§ WHAT THE TASK ASKS: Take the listing from its first line through the line that contains "BGA-289_17x17_14.0x14.0mm" and please retype those lines exactly, leaving out the pictures.

§ SUPPLIED INFORMATION:
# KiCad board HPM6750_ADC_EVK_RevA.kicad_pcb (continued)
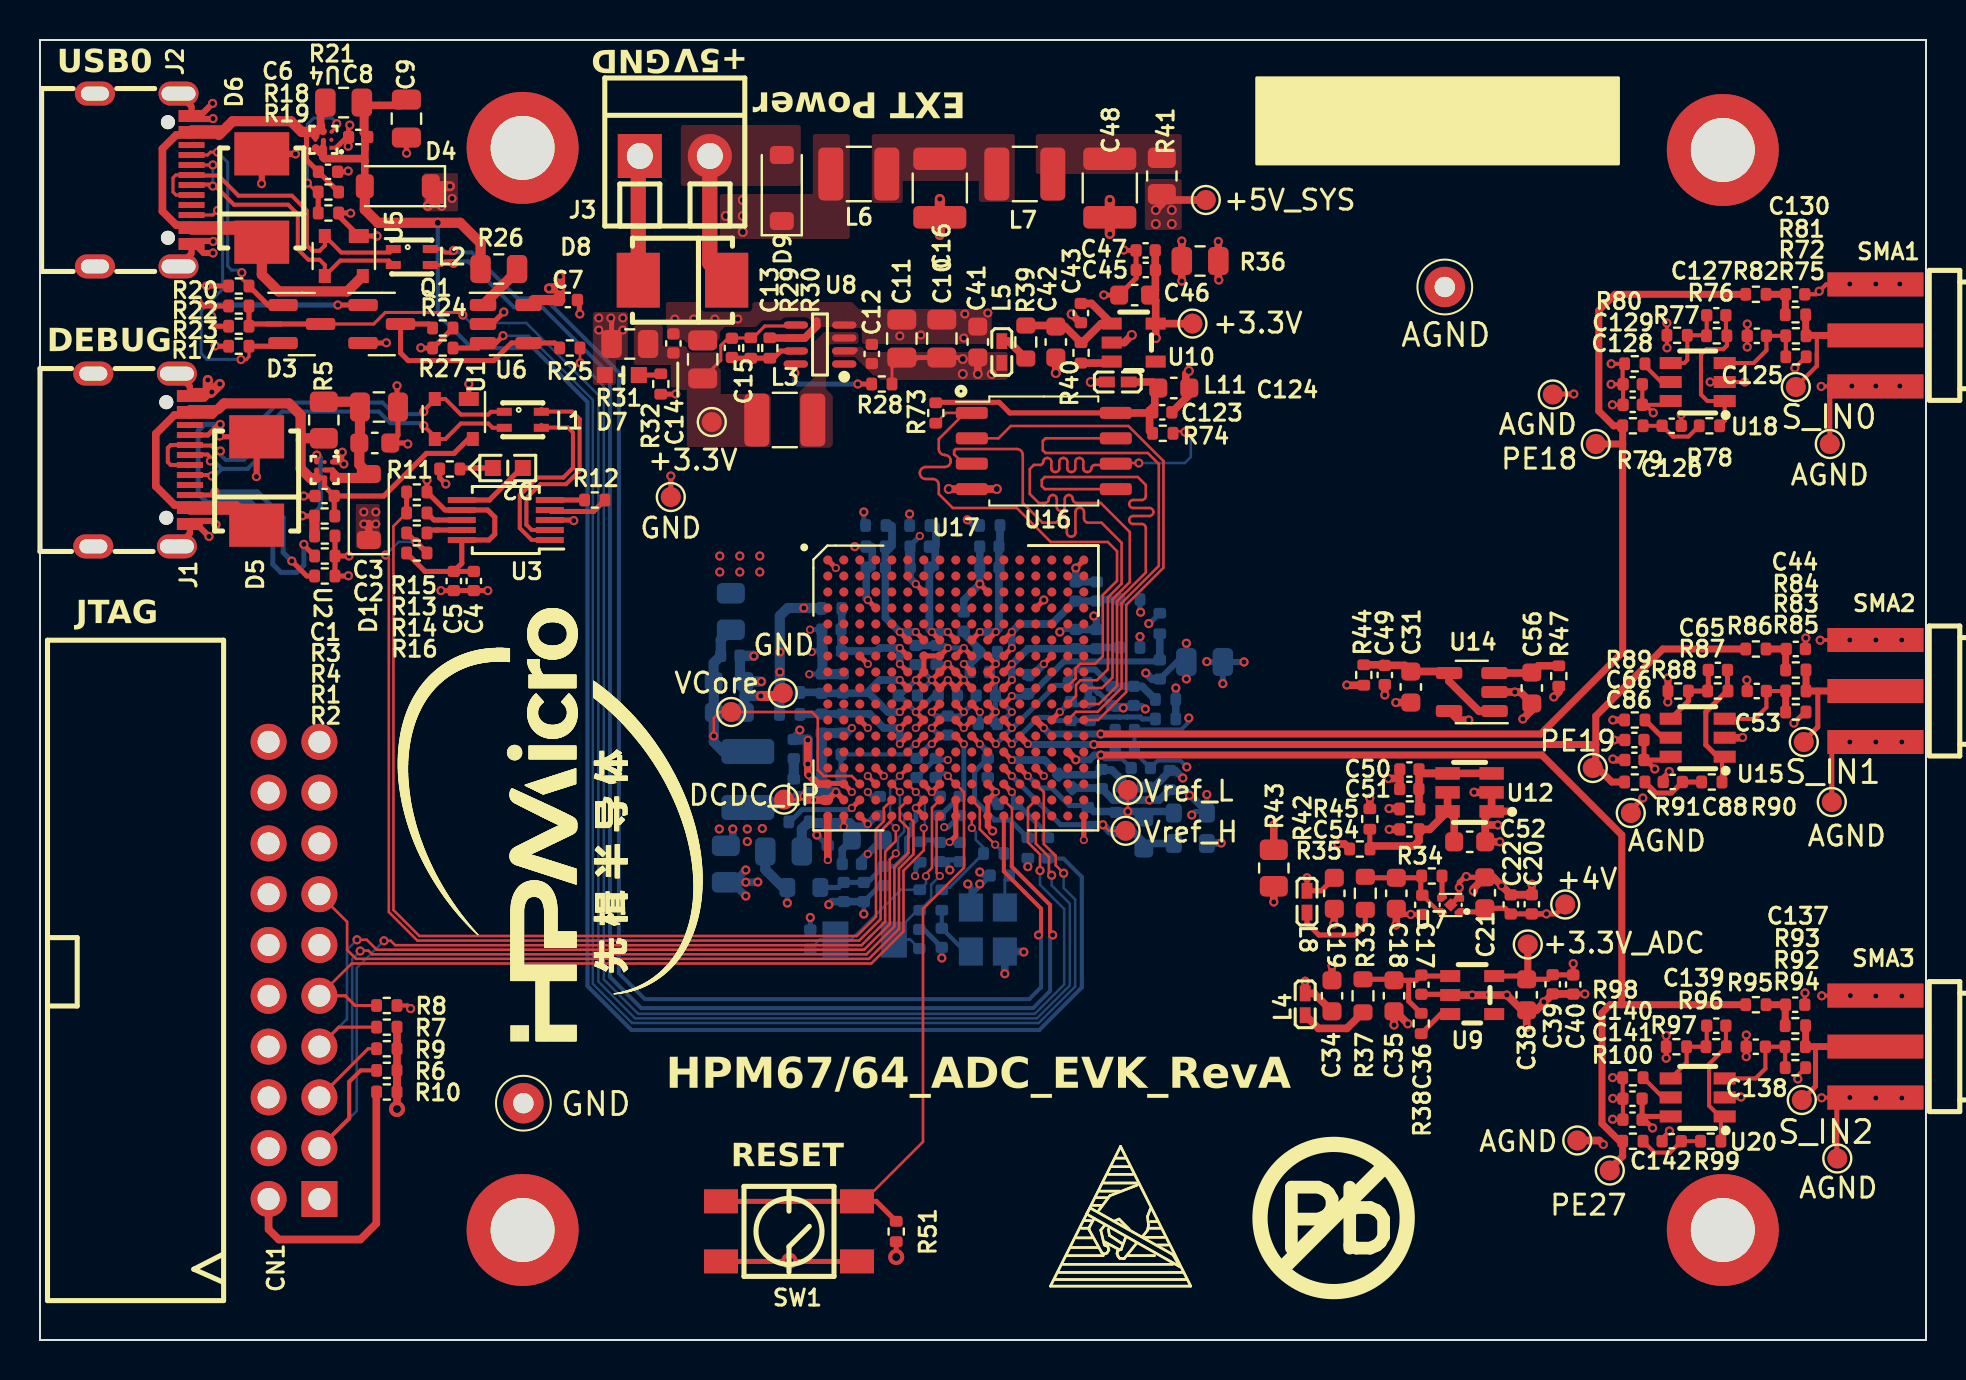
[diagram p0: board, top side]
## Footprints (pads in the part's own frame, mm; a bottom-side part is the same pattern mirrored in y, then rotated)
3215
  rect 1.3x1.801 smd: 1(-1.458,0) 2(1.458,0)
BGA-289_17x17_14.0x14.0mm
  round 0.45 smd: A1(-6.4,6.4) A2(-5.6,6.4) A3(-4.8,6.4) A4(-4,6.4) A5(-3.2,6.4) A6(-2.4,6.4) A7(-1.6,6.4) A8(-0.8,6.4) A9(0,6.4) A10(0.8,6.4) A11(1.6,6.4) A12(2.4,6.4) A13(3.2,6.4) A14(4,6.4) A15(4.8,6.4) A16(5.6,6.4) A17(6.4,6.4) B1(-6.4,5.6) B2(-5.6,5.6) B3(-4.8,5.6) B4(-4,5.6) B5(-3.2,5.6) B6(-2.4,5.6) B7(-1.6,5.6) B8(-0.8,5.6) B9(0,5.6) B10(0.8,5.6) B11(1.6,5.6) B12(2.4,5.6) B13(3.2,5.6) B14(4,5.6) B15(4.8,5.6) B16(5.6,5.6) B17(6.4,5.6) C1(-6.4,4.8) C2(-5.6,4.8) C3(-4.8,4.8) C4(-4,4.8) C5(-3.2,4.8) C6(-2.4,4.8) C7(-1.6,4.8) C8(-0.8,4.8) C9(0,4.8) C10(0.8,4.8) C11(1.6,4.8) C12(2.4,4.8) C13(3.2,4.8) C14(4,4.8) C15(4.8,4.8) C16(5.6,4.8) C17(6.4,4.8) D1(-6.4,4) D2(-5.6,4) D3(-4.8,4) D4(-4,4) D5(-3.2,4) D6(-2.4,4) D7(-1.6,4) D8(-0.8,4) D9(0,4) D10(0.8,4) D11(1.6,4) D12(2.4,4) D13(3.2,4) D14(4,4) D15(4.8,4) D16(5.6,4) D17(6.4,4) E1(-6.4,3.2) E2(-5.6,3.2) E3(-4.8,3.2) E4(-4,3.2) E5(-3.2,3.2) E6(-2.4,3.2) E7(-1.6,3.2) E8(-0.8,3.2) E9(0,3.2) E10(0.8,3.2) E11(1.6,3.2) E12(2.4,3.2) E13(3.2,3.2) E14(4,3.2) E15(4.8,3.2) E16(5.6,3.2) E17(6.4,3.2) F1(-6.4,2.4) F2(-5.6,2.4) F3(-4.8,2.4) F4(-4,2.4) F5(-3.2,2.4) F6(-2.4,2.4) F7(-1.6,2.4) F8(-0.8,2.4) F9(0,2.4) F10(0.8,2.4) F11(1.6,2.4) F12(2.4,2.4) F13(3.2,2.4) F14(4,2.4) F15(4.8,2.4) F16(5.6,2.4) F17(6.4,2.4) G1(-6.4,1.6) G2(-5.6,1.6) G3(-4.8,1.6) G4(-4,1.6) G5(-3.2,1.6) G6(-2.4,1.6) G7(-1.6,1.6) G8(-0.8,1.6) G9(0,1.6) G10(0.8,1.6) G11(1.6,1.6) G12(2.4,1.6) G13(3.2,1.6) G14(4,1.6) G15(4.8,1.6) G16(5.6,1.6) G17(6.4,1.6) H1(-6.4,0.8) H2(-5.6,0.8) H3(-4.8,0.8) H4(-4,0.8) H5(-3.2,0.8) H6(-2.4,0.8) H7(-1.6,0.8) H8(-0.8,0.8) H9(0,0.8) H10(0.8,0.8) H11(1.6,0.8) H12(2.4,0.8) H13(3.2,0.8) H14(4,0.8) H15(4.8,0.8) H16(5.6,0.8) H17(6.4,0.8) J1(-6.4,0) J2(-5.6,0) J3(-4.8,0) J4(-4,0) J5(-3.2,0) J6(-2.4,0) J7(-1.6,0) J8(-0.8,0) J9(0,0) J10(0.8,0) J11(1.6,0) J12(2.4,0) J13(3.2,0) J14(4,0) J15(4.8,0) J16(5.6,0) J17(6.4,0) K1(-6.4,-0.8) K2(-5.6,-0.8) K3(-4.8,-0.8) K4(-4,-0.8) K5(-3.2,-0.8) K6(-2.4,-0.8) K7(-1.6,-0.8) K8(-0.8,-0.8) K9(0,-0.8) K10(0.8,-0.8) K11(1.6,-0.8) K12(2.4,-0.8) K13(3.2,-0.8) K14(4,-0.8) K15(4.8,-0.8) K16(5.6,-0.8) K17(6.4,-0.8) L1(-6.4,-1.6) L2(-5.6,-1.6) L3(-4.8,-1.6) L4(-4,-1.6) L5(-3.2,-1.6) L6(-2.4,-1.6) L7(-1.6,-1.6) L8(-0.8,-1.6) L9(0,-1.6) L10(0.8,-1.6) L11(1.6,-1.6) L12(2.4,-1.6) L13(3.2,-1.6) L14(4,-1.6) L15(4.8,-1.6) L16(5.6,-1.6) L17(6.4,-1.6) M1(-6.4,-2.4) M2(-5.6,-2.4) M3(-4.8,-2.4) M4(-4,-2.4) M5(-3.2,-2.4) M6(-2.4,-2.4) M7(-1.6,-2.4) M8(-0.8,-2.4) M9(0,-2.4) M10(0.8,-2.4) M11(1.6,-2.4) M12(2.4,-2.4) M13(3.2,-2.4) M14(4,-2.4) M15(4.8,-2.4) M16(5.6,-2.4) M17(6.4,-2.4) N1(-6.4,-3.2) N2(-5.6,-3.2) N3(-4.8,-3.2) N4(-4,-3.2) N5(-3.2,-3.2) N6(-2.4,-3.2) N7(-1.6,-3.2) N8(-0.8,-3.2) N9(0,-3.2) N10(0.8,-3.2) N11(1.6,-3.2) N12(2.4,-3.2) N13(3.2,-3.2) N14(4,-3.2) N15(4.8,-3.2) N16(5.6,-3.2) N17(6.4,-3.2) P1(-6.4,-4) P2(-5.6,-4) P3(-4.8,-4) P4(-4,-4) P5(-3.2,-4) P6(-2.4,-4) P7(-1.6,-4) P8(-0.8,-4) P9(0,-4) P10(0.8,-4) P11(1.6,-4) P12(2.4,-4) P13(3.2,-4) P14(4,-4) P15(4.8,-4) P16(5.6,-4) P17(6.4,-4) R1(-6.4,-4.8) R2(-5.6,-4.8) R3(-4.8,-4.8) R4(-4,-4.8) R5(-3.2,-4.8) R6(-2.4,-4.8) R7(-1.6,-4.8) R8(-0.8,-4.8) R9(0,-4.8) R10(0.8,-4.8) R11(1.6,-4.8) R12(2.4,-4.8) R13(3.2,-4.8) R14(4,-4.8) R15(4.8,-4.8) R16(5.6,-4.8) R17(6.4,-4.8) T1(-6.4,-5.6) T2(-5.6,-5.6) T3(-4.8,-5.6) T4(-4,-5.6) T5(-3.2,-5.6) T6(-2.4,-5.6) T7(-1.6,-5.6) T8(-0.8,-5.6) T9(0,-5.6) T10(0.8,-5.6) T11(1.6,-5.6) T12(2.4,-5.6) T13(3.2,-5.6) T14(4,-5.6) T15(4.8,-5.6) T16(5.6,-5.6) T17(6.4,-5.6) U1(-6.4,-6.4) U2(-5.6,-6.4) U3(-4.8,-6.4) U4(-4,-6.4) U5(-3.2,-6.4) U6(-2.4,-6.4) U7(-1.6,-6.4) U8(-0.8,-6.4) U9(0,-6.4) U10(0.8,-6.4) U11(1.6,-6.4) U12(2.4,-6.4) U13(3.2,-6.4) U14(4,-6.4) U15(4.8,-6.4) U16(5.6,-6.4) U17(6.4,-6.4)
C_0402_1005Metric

§ ANSWER TO THIS PROBLEM:
# KiCad board HPM6750_ADC_EVK_RevA.kicad_pcb (continued)
[diagram p0: board, top side]
## Footprints (pads in the part's own frame, mm; a bottom-side part is the same pattern mirrored in y, then rotated)
3215
  rect 1.3x1.801 smd: 1(-1.458,0) 2(1.458,0)
BGA-289_17x17_14.0x14.0mm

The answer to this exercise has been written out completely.